I'm 99% like, I LOVE THE HOUSE WHO CARES and I'm partly like, shit man, I just want a house we can claim. I'm still not ready to purchase a house, for a myriad of reasons that all make a lot of sense to me. Is the wood shop no big deal? Is it awkward and weird? I mean, maybe he piddles in there during the day once a week. Maybe he's hardcore. Maybe he'll want to come in and chat every single time he comes over. I don't know. The search is frustrating. This house feels like such a good deal but then... Wood Shop. Blargh.

4.05.2007

This is really a lot of nothing in true blogger fashion.

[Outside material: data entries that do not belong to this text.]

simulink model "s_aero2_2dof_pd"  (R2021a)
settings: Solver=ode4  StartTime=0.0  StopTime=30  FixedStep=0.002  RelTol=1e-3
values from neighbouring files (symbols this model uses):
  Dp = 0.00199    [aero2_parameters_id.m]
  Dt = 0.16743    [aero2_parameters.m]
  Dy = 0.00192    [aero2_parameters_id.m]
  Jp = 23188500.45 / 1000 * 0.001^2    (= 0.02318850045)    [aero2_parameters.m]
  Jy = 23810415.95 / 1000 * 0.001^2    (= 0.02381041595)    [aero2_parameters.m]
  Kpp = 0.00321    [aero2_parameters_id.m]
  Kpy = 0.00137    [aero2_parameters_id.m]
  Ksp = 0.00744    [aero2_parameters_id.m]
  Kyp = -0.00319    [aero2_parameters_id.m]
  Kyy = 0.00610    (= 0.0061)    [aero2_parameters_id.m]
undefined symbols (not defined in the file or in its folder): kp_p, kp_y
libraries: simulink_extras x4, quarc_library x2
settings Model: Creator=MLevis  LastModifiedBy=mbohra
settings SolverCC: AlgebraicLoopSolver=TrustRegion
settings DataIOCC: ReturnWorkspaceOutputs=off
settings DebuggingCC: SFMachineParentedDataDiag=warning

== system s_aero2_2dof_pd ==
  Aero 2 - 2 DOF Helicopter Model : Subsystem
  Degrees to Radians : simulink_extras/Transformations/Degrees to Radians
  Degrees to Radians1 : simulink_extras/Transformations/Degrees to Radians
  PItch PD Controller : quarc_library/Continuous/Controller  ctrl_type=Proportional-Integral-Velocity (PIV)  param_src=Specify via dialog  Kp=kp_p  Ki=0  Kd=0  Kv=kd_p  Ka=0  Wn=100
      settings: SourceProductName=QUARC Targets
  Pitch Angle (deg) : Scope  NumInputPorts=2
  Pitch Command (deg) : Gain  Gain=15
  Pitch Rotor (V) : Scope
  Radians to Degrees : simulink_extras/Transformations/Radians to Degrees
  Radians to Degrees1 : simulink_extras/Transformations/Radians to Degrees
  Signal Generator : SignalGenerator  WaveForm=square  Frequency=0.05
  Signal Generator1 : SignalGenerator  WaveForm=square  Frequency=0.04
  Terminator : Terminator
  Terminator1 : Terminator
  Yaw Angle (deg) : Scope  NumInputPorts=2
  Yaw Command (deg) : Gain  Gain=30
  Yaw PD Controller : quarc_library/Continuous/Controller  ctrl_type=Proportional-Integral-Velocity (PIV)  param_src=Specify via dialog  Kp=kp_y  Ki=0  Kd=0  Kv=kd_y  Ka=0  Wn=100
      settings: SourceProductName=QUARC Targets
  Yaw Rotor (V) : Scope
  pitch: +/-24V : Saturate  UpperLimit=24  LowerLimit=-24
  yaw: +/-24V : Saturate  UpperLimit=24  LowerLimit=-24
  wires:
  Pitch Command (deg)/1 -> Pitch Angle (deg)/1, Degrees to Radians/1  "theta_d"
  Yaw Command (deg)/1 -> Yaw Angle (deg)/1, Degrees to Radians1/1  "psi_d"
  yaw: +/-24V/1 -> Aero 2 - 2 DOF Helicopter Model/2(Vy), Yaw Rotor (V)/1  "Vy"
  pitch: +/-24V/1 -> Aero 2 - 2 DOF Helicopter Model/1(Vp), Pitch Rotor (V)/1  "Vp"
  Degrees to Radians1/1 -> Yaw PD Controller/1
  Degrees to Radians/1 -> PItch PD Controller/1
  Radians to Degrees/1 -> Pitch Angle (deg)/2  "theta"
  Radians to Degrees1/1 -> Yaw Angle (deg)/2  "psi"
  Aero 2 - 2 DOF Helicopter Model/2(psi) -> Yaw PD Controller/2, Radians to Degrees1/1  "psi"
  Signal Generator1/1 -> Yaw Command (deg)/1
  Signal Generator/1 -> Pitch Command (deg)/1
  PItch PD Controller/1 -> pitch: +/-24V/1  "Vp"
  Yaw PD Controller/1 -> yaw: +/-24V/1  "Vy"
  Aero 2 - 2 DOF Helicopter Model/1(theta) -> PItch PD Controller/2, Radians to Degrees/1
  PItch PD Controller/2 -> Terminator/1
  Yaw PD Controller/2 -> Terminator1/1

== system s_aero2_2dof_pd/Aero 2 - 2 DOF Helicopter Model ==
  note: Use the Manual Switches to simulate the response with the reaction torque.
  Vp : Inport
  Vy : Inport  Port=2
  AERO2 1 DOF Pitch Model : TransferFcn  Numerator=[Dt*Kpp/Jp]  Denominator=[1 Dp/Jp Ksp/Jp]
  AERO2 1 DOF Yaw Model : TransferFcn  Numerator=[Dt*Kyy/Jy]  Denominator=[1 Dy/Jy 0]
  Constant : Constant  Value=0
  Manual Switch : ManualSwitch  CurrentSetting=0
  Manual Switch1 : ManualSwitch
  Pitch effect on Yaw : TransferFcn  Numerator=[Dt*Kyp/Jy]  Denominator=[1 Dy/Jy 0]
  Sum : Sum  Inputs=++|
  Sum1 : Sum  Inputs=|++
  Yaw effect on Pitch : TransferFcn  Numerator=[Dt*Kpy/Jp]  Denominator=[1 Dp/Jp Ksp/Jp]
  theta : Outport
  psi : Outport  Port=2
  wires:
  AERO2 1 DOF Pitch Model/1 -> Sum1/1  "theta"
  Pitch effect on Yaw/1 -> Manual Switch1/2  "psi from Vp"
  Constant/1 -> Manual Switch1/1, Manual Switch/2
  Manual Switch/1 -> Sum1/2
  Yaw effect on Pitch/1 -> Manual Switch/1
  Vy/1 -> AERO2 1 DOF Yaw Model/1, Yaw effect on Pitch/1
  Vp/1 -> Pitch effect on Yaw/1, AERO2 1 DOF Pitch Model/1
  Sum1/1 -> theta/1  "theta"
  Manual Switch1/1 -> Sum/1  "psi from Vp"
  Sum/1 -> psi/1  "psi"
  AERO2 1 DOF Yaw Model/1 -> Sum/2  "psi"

I'm all mad about the housing situation now. I'd been in contact several times with some (seemingly) great landlords. They (husband & wife) have tons of houses for rent around the area. There were about six currently or about to be available. I was interested in three of those. I spoke with him on the phone about them and told him I was very interested and would like to see the houses as soon as they were available and on and on. I also told him I hoped we could stay in contact as I knew their homes would rent fast. He was super nice to me on the phone and said he had all my contact information and would let me know about the homes coming available... He said to me, "Oh, I won't just let them go without getting in touch with you first." This was before we went on vacation and he told me then to give him about two weeks and he'd have more details. These are great homes and I know someone that has rented from them and said they're fantastic landlords. I gave him about two weeks and called back, noting in my message that I saw on their website a couple new houses for rent. There was one in particular I was super interested in and told him that. I drove by it today on my way home from the hospital. It'd be less than five miles from my work and ten or so from Roommate's work. Awesome. The house is fairly big, fenced yard, deck, dogs allowed, hurrah. I called once again tonight after no returned phone call. I checked their website and it'd been updated. All the homes are leased.

4.04.2007

Haystack Rock at Cannon Beach

Mail.

Ironically or not, the house we live in now formerly housed a boss of mine. She wasn't much of a boss in the sense that it wasn't much of a job. All the same, not long after we moved in here, we started getting some mail now and then with her name on it. Her mail is generally amusing (not that we'd ever open it..). She's had a few lawyer bills and a few letters with court dates. She subscribed to all sorts of shit about running. Today her renewal letter for some sort of feminist magazine came.

I have so much to tell you, though most of it you'll never know.

4.03.2007

Chocolate Jesus.

Tom Waits had it right.
Interesting article and I love the song bearing the same name but I can't help but think there are hungry people that could eat some of the food this artist uses, a house covered in five tons of cheese for instance.